The oddest of oddballs

From the side, it looked like a rocker with a mullet. From behind, like a dog squatting. Decades after its demise, the Jowett Javelin still intrigues Jonathan Meades

By Jonathan Meades

Sixty years ago, at the moment of Queen Elizabeth II’s coronation, the ancient ceremony was shared by means of the apogee of technology, a flickering, 405-line broadcast received on a Bakelite box. The whole of Britain was gloriously united in an access of monarchistic fervour. Even carmakers were united, though they were otherwise in a state of utter confusion.

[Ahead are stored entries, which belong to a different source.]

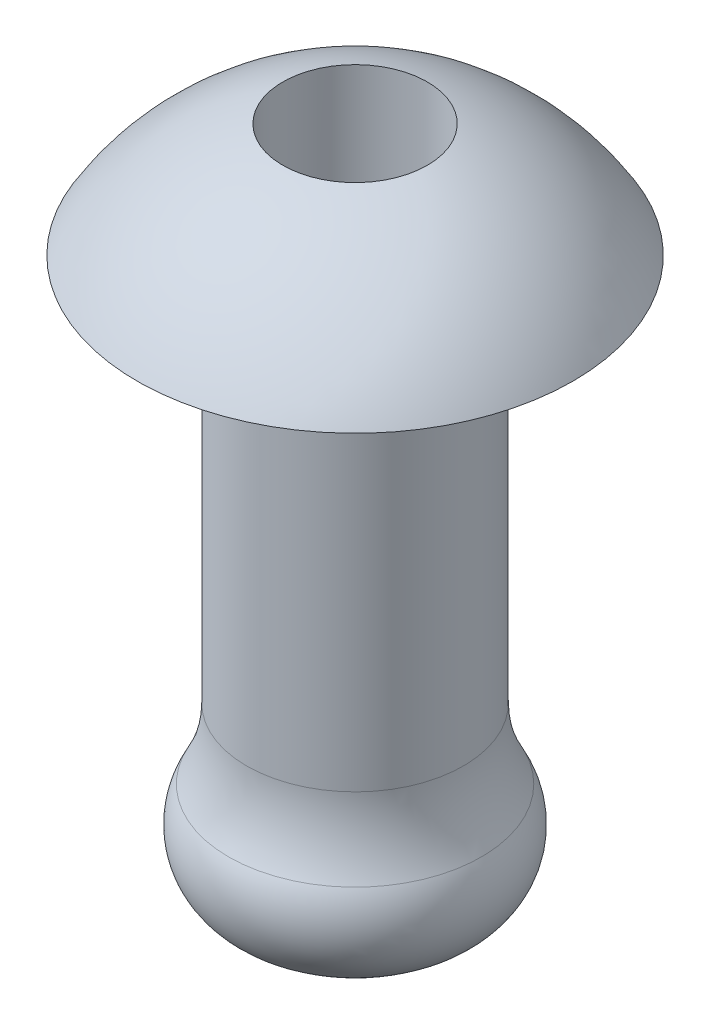
from build123d import *
from build123d.topology import SkipClean

# Parameters (mm, degrees)
SKETCH_2_R          = 1
CUT_EXTRUDE_1_DEPTH = 50
SKETCH_3_W          = 30
SKETCH_3_H          = 1.543001366
CUT_EXTRUDE_2_DEPTH = 5
FILLET_1_R          = 1


with BuildPart() as part:
    # 草图1 → 旋转1 (revolve)
    with SkipClean():  # the faces are left unmerged after this step: merging them gives an invalid solid
        with BuildSketch(Plane.XY):
            with BuildLine():
                Line((-57.054109227, 42.647640507), (-58.554109227, 42.647640507))
                Line((-58.554109227, 42.647640507), (-58.554109227, 33.247028335))
                ThreePointArc((-58.554109227, 33.247028335), (-56.797365364, 34.258679156), (-56.790595512, 36.285879333))
                ThreePointArc((-56.790595512, 36.285879333), (-56.987108525, 36.764821339), (-57.054109227, 37.278157209))
                Line((-57.054109227, 37.278157209), (-57.054109227, 42.647640507))
            make_face()
            with BuildLine():
                ThreePointArc((-58.554109227, 44.37170043), (-60.291090766, 43.910268372), (-61.570072895, 42.647640507))
                Line((-61.570072895, 42.647640507), (-60.054109227, 42.647640507))
                Line((-60.054109227, 42.647640507), (-58.554109227, 42.647640507))
                Line((-58.554109227, 42.647640507), (-58.554109227, 44.37170043))
            make_face()
            with BuildLine():
                ThreePointArc((-55.53814556, 42.647640507), (-56.817127689, 43.910268372), (-58.554109227, 44.37170043))
                Line((-58.554109227, 44.37170043), (-58.554109227, 42.647640507))
                Line((-58.554109227, 42.647640507), (-57.054109227, 42.647640507))
                Line((-57.054109227, 42.647640507), (-55.53814556, 42.647640507))
            make_face()
        revolve(axis=Axis((-58.554109227, 44.37170043, 0), (0, -1, 0)))
    add(part.part.scale(1), mode=Mode.REPLACE)  # the faces are merged on a copy

    # 草图2 → 切除-拉伸1 (cut)
    with BuildSketch(Plane(origin=(0, 0, 0), x_dir=(1, 0, 0), z_dir=(0, 1, 0))):
        with Locations((-58.554109227, 0)):
            Circle(SKETCH_2_R)
    extrude(amount=CUT_EXTRUDE_1_DEPTH, mode=Mode.SUBTRACT)

    # 草图3 → 切除-拉伸2 (cut, symmetric)
    with BuildSketch(Plane.XY):
        with Locations((-45.847587109, 34.065831969)):
            Rectangle(SKETCH_3_W, SKETCH_3_H)
    extrude(amount=CUT_EXTRUDE_2_DEPTH, both=True, mode=Mode.SUBTRACT)

    # 圆角1
    # the kernel refuses this fillet: 1 mm, written as the material it takes off along each edge
    with BuildSketch(Plane(origin=(-58.554109227, 34.837332652, 0), x_dir=(1, 0, 0), z_dir=(0, 0, 1))) as fillet_1_piece_1:
        with BuildLine():
            CenterArc((0.873089514, 0.991914174), FILLET_1_R, 277.291097339, 111.588468761)
            Line((1.748726343, 1.474884302), (1.836290026, 1.523181315))
            ThreePointArc((1.836290026, 1.523181315), (1.85033803, 1.498160575), (2.080331258, -0.021703426))
            Line((2.080331258, -0.021703426), (1.982714859, -0.1))
            ThreePointArc((1.982714859, -0.1), (1.49135743, -0.1), (1.012691049, -0.099191417))
            Line((1.012691049, -0.099191417), (1, 0))
        make_face()
    revolve(axis=Axis((-58.554109227, 34.837332652, 0), (0, 1, 0)), mode=Mode.SUBTRACT)


solid = part.part
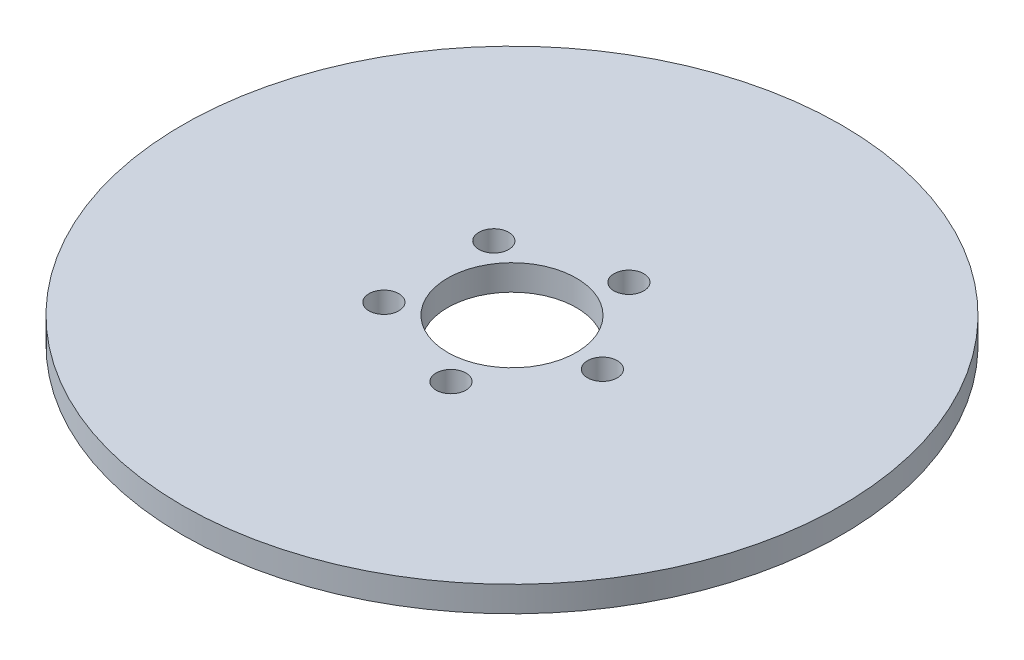
from build123d import *

# Parameters (mm, degrees)
SKETCH1_R           = 40.95
SKETCH1_R_2         = 8.001
SKETCH1_R_3         = 1.8542
BOSS_EXTRUDE1_DEPTH = 3.175


with BuildPart() as part:
    # Sketch1 → Boss-Extrude1 (new body)
    with BuildSketch(Plane(origin=(0, 1054.463973352, 0), x_dir=(-1, 0, 0), z_dir=(0, 1, 0))):
        with Locations((1.204093701, -633.11487505)):
            Circle(SKETCH1_R)
        with Locations((1.204093701, -633.11487505)):
            Circle(SKETCH1_R_2, mode=Mode.SUBTRACT)
        with Locations((10.336534073, -639.988260885)):
            Circle(SKETCH1_R_3, mode=Mode.SUBTRACT)
        with Locations((-2.510805411, -643.924335008)):
            Circle(SKETCH1_R_3, mode=Mode.SUBTRACT)
        with Locations((-10.224280588, -632.922102869)):
            Circle(SKETCH1_R_3, mode=Mode.SUBTRACT)
        with Locations((10.563151363, -626.553401155)):
            Circle(SKETCH1_R_3, mode=Mode.SUBTRACT)
        with Locations((-2.144130934, -622.186275332)):
            Circle(SKETCH1_R_3, mode=Mode.SUBTRACT)
    extrude(amount=-BOSS_EXTRUDE1_DEPTH)


solid = part.part
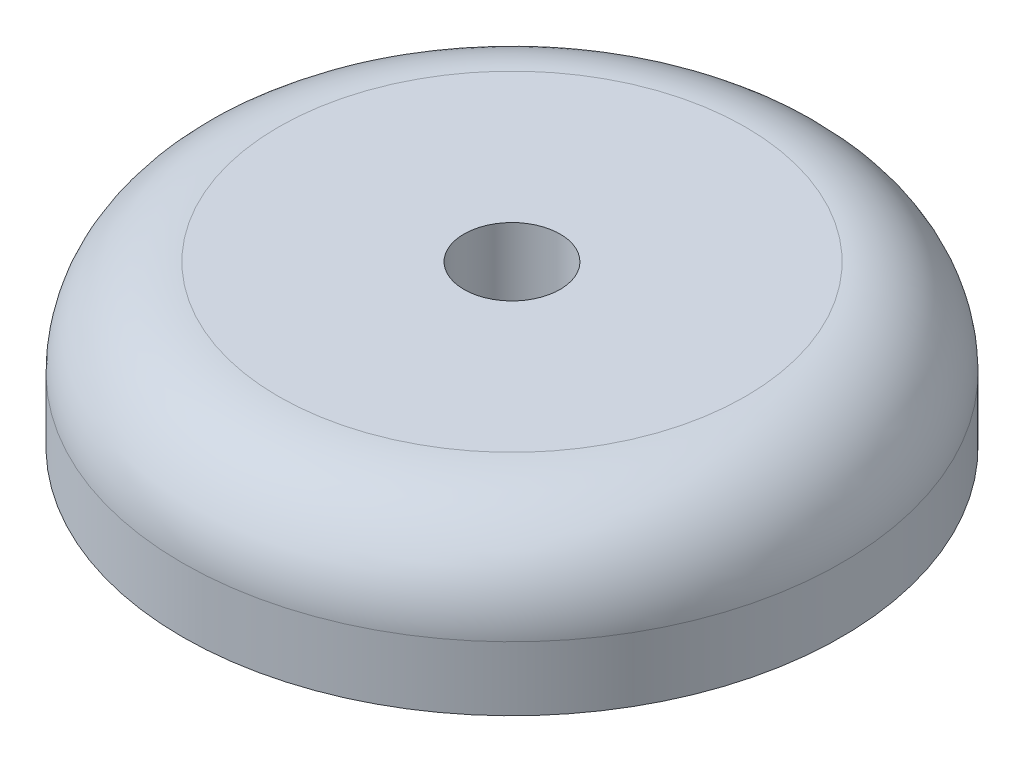
from build123d import *

# Parameters (mm, degrees)
SKETCH1_R           = 10.287
SKETCH1_R_2         = 1.5
BOSS_EXTRUDE1_DEPTH = 5
FILLET1_R           = 3


with BuildPart() as part:
    # Sketch1 → Boss-Extrude1 (new body)
    with BuildSketch(Plane(origin=(0, 0, 0), x_dir=(1, 0, 0), z_dir=(0, 1, 0))):
        Circle(SKETCH1_R)
        Circle(SKETCH1_R_2, mode=Mode.SUBTRACT)
    extrude(amount=BOSS_EXTRUDE1_DEPTH)

    # Fillet1
    fillet1_edges = [part.edges().sort_by_distance(p)[0] for p in [
        (-10.287, 5, 0),
    ]]
    fillet(fillet1_edges, radius=FILLET1_R)


solid = part.part

At virtually every other time in the century of internal combustion there had existed a broad consensus about what a vehicle ought to look like: design was (and is) afflicted by a marked homogeneity. Yet in the 1950s it was touched by an individualism that in retrospect appears both heartening and foolhardy. This is made manifest in the coronation edition of the Motor, from May 20th 1953, where the car trade pledges its Brylcreem’d fealty through, among other things, illustrations evoking the first Elizabethan age (the crew of Drake’s Golden Hinde, offering trinkets to native Americans) and exciting drawings of the valve springs and friction-type suspension dampers of tomorrow. The industry was in a quandary. Should its designs look back to the stately shapes derived ultimately from carriages—of which the coronation coach, drawn by eight Windsor greys in bling-strewn harness and Versace blinkers, was merely an extreme form? Armstrong Siddeley, Daimler, Alvis, MG and, of course, Bentley and Rolls-Royce were still producing cars of a distinctly pre-war mien, as unyielding and pompous as a statesman in a wing collar and pince-nez.